*Task requirements*
Copy out exactly the lines from the one containing "function [total_energy_kWh, CO2eq_kg, EHPI]" to the end of the records below, both included, and nothing else.

*Records shown*
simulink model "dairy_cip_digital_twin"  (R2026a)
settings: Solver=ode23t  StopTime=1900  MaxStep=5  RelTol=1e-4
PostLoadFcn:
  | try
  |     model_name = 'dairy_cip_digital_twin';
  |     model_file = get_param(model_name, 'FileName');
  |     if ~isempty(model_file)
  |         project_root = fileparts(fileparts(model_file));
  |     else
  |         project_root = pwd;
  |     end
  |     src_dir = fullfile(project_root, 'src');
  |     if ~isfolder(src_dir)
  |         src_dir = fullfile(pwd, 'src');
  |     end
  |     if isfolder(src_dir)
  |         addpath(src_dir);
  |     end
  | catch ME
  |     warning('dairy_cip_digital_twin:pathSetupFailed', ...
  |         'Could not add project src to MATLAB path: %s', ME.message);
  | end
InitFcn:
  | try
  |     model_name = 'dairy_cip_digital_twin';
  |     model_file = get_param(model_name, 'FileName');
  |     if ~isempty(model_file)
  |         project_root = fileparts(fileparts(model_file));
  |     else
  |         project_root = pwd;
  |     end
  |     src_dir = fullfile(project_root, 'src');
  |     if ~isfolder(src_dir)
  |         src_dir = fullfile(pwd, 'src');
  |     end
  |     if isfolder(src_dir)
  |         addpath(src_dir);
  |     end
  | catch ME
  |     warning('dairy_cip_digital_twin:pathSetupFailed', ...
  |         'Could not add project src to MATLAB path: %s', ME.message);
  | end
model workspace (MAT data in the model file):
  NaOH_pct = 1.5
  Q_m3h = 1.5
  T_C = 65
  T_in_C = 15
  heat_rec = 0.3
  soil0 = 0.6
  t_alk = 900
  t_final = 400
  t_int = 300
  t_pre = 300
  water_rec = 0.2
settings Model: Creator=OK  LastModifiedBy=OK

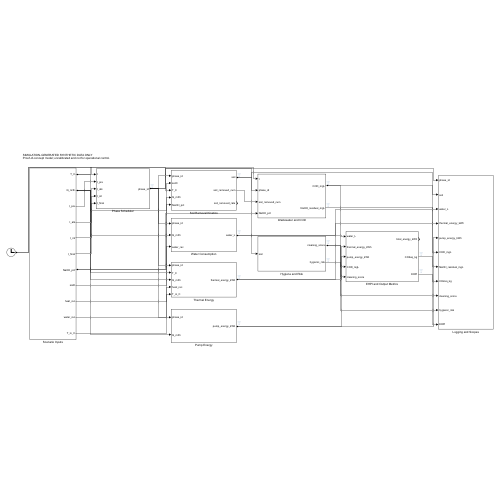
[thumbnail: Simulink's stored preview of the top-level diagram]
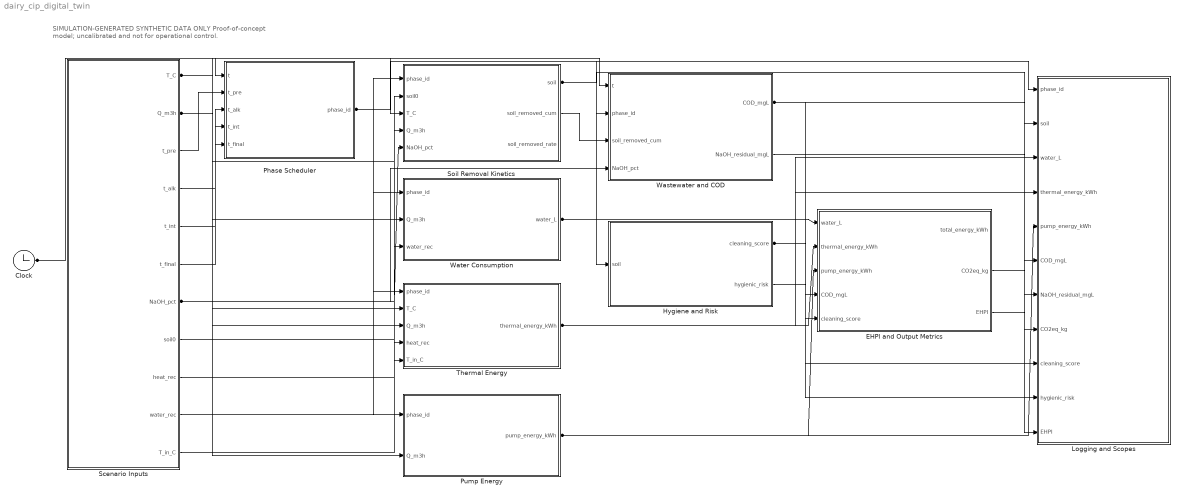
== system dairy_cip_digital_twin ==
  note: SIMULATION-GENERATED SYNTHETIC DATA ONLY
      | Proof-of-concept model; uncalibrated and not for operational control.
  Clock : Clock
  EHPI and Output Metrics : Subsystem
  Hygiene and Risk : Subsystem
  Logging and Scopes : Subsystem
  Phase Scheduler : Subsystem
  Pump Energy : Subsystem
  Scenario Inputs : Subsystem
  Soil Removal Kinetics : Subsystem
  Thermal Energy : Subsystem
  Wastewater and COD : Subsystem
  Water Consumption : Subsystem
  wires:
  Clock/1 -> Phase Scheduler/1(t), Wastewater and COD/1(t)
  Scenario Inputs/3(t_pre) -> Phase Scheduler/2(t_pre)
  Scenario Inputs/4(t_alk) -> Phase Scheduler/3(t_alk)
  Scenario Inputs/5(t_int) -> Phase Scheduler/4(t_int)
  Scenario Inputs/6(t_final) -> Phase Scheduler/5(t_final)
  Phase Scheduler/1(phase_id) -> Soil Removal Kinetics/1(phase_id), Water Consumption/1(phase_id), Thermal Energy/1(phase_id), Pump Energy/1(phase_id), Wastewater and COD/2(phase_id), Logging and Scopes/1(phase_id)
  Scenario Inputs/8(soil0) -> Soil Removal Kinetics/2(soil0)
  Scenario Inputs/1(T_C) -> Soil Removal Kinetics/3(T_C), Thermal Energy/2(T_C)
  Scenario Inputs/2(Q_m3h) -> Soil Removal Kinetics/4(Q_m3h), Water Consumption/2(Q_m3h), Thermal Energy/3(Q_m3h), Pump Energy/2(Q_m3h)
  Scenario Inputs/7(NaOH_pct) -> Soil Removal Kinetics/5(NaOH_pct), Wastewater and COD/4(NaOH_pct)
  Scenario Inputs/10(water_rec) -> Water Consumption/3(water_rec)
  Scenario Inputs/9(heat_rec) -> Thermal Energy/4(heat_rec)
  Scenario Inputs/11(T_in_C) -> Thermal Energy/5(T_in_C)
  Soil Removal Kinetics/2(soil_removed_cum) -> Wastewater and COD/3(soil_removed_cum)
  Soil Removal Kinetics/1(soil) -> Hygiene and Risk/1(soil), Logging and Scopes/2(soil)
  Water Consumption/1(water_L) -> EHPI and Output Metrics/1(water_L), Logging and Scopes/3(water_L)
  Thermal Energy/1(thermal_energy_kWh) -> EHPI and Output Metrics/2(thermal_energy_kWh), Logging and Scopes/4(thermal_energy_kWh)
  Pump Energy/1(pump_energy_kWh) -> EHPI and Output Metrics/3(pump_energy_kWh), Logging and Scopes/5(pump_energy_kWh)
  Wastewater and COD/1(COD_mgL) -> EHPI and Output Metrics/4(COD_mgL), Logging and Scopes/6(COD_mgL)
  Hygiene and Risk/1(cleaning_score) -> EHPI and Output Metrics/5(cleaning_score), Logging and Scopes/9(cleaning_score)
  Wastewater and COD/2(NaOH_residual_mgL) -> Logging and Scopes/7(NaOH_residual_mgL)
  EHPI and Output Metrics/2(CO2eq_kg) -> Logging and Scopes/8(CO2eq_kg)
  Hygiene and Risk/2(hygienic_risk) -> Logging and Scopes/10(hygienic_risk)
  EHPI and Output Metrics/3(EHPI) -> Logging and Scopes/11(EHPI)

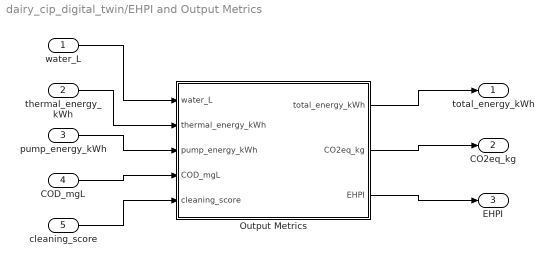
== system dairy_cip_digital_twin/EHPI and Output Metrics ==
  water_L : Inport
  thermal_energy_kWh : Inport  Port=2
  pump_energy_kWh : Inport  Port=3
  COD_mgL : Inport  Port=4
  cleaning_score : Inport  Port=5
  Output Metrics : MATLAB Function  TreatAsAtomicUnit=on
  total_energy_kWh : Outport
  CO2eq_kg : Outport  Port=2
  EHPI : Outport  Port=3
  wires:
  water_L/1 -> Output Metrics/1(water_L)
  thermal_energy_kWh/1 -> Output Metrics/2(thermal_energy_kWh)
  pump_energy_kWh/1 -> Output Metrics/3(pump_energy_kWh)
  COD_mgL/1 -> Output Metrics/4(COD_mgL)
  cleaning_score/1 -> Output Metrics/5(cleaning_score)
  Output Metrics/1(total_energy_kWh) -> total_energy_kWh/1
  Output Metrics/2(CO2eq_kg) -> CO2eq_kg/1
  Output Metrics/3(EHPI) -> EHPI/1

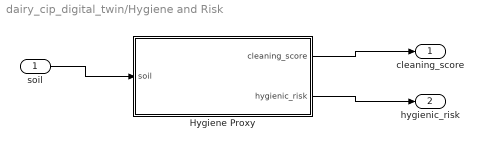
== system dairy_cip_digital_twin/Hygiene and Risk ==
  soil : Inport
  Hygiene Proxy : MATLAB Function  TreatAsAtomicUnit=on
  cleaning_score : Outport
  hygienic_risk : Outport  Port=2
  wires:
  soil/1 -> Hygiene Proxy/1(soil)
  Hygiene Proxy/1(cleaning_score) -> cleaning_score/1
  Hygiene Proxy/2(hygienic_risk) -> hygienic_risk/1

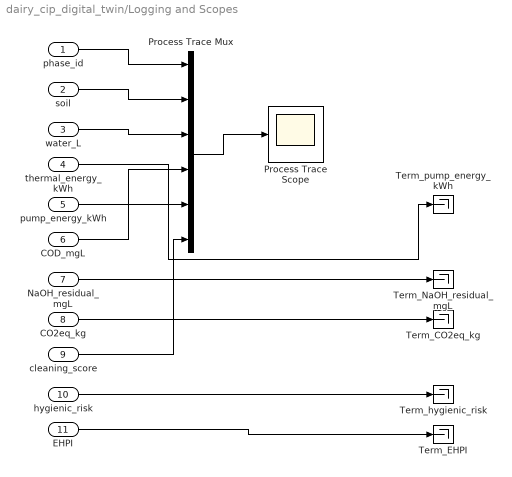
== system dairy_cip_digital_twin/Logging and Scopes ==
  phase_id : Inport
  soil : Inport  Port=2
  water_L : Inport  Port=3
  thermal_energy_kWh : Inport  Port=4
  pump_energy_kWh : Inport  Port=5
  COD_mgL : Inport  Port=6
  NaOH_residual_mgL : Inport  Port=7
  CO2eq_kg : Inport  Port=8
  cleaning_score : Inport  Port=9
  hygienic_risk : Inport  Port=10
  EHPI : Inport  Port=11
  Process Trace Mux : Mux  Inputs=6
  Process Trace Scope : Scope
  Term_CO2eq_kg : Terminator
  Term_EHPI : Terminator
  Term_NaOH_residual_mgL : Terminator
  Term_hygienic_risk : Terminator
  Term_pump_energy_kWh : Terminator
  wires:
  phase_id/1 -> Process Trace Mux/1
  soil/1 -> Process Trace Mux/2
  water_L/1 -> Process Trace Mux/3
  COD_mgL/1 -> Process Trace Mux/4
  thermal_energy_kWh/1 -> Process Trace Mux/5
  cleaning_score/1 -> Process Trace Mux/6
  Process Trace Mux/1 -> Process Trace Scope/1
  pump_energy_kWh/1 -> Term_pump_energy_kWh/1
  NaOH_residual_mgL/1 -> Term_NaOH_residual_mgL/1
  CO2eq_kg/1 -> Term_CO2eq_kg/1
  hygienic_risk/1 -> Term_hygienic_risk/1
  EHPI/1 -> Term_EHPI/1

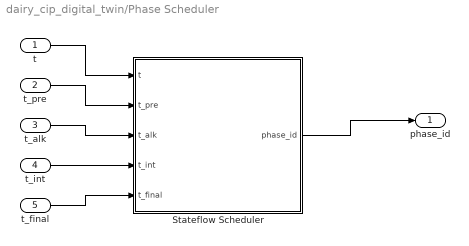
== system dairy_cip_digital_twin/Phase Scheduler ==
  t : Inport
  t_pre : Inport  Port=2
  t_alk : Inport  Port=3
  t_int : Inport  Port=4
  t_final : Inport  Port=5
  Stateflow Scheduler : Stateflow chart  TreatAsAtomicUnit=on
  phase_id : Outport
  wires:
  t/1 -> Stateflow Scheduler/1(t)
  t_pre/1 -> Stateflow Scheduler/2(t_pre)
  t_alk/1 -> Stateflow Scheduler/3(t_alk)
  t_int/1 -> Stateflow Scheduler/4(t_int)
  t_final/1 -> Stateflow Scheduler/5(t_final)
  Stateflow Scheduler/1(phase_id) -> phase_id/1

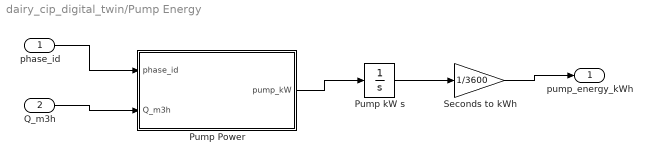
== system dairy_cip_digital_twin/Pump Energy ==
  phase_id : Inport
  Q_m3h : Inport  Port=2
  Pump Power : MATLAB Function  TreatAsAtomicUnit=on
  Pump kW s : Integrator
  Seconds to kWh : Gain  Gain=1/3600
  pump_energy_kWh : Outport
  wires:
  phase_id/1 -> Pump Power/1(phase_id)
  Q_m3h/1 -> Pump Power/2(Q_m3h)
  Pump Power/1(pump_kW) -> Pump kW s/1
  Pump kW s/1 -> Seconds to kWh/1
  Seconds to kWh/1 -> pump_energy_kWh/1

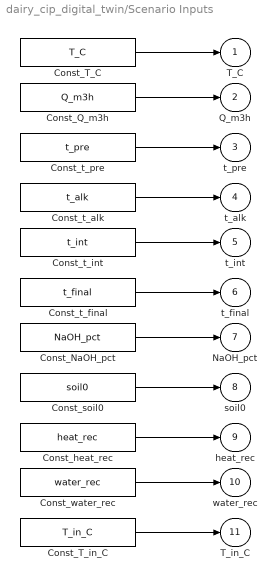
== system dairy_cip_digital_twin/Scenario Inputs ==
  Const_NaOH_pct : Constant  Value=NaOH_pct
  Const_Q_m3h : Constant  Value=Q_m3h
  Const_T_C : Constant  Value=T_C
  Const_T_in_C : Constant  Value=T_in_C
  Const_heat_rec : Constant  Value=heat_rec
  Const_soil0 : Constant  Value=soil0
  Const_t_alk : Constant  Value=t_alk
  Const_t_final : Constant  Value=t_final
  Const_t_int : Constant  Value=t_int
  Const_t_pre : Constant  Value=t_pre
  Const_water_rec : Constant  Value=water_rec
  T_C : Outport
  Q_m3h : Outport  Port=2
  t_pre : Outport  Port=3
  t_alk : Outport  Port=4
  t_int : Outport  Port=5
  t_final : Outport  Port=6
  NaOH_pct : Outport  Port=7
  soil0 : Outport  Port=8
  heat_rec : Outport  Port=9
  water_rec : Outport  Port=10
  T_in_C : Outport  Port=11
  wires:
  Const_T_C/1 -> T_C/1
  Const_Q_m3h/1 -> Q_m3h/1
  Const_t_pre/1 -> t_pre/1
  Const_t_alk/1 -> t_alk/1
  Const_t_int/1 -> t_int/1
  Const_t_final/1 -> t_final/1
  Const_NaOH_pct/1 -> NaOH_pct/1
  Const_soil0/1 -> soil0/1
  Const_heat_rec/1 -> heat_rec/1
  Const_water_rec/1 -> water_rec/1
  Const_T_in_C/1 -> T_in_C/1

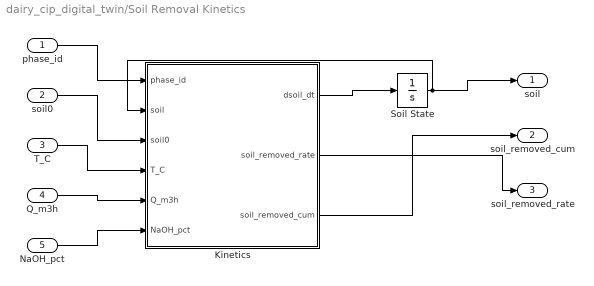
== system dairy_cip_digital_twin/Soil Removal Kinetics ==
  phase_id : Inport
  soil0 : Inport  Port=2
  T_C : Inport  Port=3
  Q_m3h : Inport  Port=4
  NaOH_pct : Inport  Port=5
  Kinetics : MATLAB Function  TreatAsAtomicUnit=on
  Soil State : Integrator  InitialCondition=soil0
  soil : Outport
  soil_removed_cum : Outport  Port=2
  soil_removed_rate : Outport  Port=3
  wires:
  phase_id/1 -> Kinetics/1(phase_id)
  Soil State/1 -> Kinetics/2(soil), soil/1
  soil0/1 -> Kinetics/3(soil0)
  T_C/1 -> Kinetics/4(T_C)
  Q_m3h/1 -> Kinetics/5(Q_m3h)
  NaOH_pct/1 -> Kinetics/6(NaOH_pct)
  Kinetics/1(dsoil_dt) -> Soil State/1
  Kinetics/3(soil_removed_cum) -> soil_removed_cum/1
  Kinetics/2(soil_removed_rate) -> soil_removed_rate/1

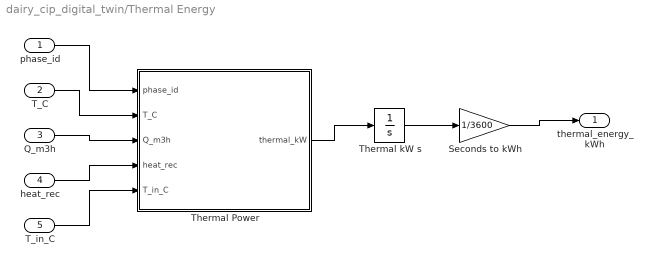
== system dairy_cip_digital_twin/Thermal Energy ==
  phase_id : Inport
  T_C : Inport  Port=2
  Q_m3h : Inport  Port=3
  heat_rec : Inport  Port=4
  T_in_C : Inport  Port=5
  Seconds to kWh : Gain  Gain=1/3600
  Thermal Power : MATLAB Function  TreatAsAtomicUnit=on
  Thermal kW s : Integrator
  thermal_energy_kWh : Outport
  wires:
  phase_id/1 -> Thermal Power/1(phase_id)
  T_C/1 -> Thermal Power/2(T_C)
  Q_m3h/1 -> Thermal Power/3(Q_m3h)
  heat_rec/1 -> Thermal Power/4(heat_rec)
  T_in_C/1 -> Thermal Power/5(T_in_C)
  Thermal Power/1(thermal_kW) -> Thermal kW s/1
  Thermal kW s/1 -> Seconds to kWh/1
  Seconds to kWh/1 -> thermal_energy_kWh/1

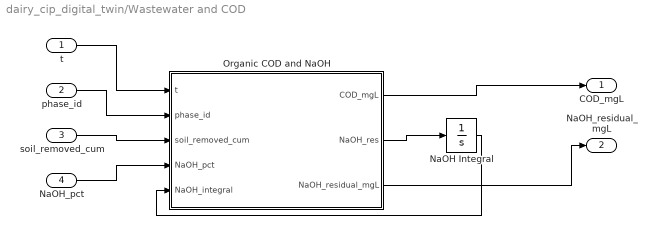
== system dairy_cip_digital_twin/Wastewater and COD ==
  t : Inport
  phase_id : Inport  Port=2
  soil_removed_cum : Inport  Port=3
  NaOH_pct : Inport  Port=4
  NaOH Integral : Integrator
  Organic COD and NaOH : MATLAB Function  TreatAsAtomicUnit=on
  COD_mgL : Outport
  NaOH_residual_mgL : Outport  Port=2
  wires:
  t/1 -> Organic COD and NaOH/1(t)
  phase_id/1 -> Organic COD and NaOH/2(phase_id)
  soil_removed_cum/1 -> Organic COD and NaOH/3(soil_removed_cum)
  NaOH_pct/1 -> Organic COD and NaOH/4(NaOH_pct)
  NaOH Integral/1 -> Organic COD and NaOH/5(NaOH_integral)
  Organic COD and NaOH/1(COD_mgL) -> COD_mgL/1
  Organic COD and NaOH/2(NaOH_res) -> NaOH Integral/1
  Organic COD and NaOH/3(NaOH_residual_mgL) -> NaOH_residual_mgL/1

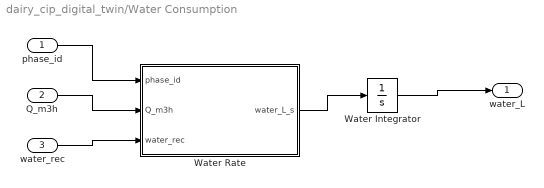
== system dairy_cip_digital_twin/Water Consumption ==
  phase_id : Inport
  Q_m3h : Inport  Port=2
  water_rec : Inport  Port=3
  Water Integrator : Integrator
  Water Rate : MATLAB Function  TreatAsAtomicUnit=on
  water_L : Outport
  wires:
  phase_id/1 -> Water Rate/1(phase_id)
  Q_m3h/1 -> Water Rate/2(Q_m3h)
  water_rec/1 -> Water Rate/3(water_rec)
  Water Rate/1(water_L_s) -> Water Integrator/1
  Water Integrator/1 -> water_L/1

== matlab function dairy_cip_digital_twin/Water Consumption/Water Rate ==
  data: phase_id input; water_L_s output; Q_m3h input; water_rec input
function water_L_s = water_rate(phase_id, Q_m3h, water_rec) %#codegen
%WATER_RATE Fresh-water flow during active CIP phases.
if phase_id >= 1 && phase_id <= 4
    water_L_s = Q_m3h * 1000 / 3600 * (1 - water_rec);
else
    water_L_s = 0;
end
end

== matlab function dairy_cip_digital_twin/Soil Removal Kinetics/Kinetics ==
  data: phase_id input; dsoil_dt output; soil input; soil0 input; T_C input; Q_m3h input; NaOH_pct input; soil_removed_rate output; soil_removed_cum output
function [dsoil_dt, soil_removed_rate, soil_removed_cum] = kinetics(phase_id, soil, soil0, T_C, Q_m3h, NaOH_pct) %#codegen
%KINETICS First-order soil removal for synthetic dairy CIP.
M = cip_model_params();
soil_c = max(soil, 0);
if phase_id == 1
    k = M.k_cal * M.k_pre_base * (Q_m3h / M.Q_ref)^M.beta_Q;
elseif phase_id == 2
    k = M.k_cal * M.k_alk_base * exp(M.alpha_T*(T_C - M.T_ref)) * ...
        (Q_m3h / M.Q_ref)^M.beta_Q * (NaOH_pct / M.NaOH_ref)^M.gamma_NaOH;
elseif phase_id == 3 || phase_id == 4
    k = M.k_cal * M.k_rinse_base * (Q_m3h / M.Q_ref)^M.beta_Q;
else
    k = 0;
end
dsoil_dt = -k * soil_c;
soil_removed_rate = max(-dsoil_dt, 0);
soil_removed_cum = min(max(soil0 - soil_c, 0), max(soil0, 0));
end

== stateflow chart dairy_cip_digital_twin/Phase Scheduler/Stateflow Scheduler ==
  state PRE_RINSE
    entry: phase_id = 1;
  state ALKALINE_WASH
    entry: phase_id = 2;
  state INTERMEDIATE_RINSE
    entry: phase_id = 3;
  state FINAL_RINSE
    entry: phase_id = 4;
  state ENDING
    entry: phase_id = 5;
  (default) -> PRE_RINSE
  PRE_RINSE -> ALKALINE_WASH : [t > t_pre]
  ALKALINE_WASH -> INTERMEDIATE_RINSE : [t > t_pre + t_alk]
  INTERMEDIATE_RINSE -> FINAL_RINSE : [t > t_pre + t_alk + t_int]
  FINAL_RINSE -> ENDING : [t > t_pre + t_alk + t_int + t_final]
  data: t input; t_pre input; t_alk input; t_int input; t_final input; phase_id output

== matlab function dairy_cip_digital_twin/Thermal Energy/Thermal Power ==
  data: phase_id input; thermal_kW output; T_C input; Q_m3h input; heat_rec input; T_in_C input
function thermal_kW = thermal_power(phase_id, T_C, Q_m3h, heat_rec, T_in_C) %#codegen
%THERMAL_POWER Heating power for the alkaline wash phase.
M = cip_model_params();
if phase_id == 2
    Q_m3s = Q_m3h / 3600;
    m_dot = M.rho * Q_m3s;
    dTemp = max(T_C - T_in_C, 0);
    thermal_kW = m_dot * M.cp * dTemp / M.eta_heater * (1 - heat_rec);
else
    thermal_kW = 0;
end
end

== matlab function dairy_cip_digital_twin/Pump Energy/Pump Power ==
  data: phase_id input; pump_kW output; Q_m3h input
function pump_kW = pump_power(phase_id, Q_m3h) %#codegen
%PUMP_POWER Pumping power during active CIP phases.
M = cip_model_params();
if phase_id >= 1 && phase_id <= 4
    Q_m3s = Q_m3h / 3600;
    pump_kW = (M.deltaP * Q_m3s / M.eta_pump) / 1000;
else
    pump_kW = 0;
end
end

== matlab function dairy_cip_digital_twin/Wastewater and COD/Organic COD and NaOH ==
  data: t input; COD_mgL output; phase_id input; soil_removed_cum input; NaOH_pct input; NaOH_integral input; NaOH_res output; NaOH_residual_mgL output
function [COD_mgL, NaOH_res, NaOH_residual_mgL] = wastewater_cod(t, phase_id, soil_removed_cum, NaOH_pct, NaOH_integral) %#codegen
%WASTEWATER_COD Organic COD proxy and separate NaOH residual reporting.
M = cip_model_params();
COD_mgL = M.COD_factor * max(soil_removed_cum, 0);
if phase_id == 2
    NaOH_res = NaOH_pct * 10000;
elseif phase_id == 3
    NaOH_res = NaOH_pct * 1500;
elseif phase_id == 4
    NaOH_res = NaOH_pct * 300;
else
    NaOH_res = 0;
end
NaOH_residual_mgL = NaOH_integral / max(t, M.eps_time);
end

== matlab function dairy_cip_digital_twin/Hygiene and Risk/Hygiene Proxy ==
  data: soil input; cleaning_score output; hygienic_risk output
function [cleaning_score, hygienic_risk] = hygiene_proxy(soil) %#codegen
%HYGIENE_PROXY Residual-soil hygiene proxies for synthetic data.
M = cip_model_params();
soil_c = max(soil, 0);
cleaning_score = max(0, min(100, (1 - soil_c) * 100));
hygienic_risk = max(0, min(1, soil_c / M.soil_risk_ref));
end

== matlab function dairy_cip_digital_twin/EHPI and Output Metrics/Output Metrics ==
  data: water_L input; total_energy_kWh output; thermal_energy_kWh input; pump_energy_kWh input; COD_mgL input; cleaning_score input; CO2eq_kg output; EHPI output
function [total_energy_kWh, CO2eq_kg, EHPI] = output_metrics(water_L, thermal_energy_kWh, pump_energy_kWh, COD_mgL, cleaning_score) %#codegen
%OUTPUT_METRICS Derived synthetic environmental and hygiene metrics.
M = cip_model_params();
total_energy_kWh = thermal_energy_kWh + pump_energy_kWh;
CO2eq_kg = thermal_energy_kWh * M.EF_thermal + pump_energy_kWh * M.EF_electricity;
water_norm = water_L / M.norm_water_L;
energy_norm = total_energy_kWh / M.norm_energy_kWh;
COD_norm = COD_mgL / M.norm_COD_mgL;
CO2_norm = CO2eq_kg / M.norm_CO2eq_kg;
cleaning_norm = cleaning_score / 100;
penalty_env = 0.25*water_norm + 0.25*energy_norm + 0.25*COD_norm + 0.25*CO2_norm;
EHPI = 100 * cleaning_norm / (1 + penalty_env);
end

*Task result*
function [total_energy_kWh, CO2eq_kg, EHPI] = output_metrics(water_L, thermal_energy_kWh, pump_energy_kWh, COD_mgL, cleaning_score) %#codegen
%OUTPUT_METRICS Derived synthetic environmental and hygiene metrics.
M = cip_model_params();
total_energy_kWh = thermal_energy_kWh + pump_energy_kWh;
CO2eq_kg = thermal_energy_kWh * M.EF_thermal + pump_energy_kWh * M.EF_electricity;
water_norm = water_L / M.norm_water_L;
energy_norm = total_energy_kWh / M.norm_energy_kWh;
COD_norm = COD_mgL / M.norm_COD_mgL;
CO2_norm = CO2eq_kg / M.norm_CO2eq_kg;
cleaning_norm = cleaning_score / 100;
penalty_env = 0.25*water_norm + 0.25*energy_norm + 0.25*COD_norm + 0.25*CO2_norm;
EHPI = 100 * cleaning_norm / (1 + penalty_env);
end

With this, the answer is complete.